Hello everyone! I'm hosting my first contest! 

This is a contest for all the marvelous marble colored bettas out there be they male or female! Think that you have the most marvelous marble? Then post a picture of your betta below along with its name!

*Rules*
1. Only one entry per person.
2. You may post up to three pictures of your marble.
3. Include your betta's name.

I will be the sole judge of this contest and the prize is a watercolor of your betta! The deadline for entering is *May 16th*

Examples of Watercolors:


----------



## Tree

These painting are so unique! I might add my boy soon. =)


----------



## Tree

here he is, Tuna the marble. =) 








this is what he looked like before his change:


----------



## Seki

A marble contest? Now this is my kind of contest! I wish we could enter a male and a female, but since it's only one fish each, I have to enter my lovely girl Hime! Imagine my surprise when, after eight months of having a solid royal blue crowntail, she suddenly started marbling on me!!

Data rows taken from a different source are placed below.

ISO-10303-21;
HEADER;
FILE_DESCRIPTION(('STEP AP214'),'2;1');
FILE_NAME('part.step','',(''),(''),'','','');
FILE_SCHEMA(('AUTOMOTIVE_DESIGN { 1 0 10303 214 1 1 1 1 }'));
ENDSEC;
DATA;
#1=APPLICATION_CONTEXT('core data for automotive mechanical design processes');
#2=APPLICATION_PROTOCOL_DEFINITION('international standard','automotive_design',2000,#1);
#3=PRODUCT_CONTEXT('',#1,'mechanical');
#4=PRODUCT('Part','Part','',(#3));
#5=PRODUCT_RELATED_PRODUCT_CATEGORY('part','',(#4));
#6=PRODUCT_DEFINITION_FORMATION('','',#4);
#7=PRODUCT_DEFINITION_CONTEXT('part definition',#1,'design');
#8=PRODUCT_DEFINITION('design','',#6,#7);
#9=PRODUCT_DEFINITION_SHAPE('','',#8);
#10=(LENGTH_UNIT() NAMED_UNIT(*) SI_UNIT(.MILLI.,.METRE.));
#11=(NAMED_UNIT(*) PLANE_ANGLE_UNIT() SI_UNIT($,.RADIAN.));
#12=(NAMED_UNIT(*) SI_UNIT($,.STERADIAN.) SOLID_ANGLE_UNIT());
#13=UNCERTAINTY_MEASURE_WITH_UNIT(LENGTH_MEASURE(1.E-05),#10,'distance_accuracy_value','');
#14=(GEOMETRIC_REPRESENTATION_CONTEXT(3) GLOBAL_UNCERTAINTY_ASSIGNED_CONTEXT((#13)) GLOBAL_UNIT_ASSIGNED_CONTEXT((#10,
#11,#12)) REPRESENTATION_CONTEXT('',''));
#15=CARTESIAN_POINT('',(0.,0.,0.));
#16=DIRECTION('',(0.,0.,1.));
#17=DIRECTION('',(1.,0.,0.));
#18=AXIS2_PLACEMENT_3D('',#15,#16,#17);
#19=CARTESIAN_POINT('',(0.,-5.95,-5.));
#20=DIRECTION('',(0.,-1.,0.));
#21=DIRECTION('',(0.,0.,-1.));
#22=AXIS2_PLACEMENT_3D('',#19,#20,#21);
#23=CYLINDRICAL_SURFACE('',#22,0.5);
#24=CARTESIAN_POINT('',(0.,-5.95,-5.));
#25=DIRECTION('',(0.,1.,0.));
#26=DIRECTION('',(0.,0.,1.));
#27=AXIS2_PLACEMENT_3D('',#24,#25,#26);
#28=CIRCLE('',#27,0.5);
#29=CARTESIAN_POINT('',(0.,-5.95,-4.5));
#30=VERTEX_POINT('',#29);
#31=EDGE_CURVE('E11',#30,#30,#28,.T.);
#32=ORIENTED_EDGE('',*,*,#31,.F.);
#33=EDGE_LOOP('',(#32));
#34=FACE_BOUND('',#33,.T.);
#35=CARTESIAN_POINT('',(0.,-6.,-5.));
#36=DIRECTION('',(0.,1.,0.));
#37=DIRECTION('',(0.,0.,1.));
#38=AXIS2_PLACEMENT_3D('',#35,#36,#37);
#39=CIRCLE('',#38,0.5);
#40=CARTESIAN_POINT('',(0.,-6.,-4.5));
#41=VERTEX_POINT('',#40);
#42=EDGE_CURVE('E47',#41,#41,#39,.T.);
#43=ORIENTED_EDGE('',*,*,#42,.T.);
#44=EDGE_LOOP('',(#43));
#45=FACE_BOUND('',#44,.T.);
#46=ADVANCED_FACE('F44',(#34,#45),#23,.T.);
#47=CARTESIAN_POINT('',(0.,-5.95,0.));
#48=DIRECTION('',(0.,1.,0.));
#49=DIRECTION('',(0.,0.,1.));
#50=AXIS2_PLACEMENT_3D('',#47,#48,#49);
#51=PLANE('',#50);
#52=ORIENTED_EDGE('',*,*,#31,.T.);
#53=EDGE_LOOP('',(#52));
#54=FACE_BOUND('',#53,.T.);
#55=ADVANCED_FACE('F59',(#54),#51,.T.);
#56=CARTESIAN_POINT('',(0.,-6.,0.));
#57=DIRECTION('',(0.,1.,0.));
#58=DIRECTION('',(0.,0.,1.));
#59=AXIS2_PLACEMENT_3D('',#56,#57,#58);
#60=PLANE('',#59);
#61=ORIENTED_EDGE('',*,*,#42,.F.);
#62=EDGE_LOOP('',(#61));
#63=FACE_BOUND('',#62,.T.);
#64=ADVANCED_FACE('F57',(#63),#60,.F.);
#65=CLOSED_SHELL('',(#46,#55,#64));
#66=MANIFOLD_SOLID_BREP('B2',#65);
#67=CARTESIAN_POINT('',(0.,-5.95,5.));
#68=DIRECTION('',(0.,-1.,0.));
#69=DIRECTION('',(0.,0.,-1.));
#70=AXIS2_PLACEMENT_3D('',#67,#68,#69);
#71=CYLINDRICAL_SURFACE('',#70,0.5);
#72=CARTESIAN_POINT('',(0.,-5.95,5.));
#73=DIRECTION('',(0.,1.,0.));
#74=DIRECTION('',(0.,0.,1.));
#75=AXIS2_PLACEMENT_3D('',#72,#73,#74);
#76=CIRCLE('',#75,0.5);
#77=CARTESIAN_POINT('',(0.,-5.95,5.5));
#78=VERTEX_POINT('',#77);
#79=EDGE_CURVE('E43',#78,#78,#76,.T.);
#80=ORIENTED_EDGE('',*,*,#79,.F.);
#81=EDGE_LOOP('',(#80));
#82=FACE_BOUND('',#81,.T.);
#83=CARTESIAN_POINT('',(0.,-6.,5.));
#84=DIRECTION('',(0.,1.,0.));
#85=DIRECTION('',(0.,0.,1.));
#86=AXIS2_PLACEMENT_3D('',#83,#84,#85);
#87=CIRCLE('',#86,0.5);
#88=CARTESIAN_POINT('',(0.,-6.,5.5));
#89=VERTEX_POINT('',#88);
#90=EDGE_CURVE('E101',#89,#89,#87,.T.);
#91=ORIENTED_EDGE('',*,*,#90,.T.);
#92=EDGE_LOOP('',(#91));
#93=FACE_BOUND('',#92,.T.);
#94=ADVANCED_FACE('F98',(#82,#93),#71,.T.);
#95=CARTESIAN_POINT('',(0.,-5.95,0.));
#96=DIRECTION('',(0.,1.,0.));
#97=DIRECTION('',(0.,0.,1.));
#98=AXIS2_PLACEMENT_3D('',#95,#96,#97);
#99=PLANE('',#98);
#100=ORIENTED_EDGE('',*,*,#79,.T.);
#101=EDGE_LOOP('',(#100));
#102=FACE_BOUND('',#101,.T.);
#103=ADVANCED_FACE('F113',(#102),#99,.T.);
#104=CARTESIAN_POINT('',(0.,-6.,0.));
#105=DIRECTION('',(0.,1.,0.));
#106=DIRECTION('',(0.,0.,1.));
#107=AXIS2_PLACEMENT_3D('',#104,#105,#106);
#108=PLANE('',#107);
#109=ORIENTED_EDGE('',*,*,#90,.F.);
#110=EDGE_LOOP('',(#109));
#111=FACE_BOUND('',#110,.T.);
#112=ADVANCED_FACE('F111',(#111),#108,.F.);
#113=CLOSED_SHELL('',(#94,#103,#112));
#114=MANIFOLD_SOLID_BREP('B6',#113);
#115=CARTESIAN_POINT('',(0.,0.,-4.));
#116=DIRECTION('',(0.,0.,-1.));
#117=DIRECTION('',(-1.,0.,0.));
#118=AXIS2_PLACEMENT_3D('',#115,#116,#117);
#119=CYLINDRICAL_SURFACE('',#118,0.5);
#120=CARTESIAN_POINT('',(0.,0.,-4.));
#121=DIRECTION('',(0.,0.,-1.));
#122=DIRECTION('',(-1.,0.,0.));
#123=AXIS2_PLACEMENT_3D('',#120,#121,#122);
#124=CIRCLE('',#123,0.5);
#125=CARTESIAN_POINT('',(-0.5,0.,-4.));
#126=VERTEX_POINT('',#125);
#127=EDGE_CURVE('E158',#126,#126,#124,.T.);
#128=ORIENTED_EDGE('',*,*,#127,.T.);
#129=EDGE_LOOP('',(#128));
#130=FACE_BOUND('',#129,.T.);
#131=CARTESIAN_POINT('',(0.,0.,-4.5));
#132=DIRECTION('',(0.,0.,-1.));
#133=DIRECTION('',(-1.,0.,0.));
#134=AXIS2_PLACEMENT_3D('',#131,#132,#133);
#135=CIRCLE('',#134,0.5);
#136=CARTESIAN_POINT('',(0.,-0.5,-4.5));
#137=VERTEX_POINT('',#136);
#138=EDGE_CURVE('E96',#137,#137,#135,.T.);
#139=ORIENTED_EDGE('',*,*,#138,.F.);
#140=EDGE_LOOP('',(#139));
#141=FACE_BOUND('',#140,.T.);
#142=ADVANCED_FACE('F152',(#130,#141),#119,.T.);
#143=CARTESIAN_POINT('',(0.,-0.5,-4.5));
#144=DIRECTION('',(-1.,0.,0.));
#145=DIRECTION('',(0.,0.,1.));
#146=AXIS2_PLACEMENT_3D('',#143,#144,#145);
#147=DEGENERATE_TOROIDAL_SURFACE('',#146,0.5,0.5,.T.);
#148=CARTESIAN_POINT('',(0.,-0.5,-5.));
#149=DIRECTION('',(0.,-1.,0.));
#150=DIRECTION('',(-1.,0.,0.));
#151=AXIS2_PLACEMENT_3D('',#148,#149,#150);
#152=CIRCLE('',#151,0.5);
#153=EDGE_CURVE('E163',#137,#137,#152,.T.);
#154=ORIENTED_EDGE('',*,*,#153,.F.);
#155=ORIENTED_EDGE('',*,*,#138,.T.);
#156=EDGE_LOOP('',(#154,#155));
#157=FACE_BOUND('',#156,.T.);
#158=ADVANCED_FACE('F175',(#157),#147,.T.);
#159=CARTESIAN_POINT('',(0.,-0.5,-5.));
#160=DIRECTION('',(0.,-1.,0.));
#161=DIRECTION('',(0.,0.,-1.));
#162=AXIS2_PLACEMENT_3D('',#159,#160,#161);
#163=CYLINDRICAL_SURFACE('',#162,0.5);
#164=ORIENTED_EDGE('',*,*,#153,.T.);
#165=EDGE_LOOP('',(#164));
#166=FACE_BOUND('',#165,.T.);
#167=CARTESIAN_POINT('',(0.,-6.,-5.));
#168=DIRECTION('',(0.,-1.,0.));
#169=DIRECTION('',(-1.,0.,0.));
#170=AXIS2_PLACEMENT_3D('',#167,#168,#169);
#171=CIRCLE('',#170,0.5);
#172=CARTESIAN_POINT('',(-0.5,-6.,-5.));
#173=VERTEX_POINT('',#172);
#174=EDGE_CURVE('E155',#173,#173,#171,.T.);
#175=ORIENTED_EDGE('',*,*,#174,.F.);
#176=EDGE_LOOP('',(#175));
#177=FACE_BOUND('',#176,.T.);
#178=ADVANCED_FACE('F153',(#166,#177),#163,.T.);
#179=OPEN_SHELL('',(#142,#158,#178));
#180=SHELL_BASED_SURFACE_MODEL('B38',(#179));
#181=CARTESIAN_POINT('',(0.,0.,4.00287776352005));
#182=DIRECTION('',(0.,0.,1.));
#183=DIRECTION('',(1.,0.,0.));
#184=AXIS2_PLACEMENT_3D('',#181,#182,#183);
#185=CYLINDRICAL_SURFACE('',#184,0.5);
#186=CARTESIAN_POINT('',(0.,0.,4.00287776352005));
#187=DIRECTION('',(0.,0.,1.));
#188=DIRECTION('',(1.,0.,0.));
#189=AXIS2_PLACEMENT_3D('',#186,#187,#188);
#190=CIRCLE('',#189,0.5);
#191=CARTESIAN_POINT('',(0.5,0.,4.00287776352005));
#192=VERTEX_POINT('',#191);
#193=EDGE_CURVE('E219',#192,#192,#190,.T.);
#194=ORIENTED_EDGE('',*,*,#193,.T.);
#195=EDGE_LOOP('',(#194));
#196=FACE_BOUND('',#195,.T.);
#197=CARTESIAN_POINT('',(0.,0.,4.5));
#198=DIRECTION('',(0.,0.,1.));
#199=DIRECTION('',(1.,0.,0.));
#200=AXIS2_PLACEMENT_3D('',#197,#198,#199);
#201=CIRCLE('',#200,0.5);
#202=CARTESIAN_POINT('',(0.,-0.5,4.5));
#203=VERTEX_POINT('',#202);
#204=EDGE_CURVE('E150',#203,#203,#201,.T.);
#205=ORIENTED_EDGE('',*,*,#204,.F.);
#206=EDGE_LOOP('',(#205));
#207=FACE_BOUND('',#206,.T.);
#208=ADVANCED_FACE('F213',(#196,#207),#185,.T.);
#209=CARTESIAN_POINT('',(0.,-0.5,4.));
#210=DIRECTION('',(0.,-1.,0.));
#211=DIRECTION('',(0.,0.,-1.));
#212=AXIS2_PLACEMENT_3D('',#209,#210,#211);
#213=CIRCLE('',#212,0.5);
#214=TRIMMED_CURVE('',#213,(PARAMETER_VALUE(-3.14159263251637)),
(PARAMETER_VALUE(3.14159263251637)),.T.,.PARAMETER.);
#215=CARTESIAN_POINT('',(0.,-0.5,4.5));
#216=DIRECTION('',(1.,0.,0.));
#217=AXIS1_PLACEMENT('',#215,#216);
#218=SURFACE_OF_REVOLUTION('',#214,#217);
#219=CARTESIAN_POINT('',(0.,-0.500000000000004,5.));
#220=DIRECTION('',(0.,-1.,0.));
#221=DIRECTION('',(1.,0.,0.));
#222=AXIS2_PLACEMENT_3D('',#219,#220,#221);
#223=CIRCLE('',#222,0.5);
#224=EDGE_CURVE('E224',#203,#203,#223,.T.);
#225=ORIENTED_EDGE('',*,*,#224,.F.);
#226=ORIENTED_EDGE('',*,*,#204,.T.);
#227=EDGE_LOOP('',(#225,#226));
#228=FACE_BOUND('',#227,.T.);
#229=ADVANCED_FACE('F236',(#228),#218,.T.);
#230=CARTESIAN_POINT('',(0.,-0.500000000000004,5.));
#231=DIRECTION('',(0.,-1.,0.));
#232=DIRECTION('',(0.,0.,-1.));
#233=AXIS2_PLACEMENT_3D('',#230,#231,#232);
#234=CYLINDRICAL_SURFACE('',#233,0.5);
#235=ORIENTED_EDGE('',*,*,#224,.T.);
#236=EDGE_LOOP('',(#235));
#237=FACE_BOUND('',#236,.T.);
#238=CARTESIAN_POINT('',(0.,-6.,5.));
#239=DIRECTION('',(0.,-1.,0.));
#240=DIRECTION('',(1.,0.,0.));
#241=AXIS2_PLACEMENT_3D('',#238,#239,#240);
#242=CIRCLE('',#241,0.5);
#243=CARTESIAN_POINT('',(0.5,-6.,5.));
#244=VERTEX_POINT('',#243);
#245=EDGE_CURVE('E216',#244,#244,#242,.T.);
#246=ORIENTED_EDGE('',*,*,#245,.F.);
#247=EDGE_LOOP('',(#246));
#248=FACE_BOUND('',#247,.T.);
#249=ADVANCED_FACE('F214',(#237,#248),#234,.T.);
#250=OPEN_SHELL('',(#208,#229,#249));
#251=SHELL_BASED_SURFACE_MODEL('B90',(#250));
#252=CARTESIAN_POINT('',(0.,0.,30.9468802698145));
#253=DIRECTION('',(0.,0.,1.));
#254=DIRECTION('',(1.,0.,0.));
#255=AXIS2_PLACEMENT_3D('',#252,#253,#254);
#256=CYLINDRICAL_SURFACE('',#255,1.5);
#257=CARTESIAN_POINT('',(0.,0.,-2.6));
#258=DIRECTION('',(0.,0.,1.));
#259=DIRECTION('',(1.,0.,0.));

In her cup the day I brought her home.









Eight months later... "Surprise, mom, I'm a MARBLE!"









"Today I feel like being a butterfly. Tomorrow... who knows!"

She has changed more since this picture. She's regaining a lot of blue now and sort of looks like a splotchy cow hahaha. Marbles are so much fun to watch~

Hope you enjoyed my girl!


----------



## keepsmiling

Mantis


----------



## xStatic

YinYang


----------



## BlueLacee

Oof,they are all so pretty. I love them all. I want a marble


----------



## BettaLover1313

Wow! Lots of awesome entries already! You guys certainly aren't going to make my choice easy! ;-)


----------



## LittleRose

This is Vye! I think he's a marble (or maybe a grizzle? but I think that grizzle is a variation of marble? maybe... I really don't know lol)


----------



## PonyJumper101

This is my marble, Montego. Full 180 halfmoon.
*
This is him in April










February










October

*


----------



## bre23

Well I've got to enter Kaiju. =) I'm not sure if he's technically a marble but may just be coloring up but he gets more and more color everyday.








Early March








Early April








April 9th








Today


----------



## BettaBabyBoo

PonyJumper101 said:


> This is my marble, Montego. Full 180 halfmoon.
> *
> This is him in April
> 
> 
> 
> 
> 
> 
> 
> 
> 
> 
> February
> 
> 
> 
> 
> 
> 
> 
> 
> 
> 
> October
> 
> *


He must have been quite a fin nipper! God, though, he's stunning now :tongue:


----------



## BettaLover1313

bre23 said:


> Well I've got to enter Kaiju. =) I'm not sure if he's technically a marble but may just be coloring up but he gets more and more color everyday.
> 
> View attachment 334234
> 
> Early March
> 
> View attachment 334242
> 
> Early April
> 
> View attachment 334250
> 
> April 9th
> 
> View attachment 334258
> 
> Today


You'll need to shorten your entry by one picture for it to count. Definitely a lovely boy!


----------



## keepsmiling

It does not seem fair that I posted the seller's pic of Mantis. 
Strike that and use these.;-)


----------



## BlueLacee

I'm watching this just to look at all the beautiful bettas


----------



## bre23

BettaLover1313 said:


> You'll need to shorten your entry by one picture for it to count. Definitely a lovely boy!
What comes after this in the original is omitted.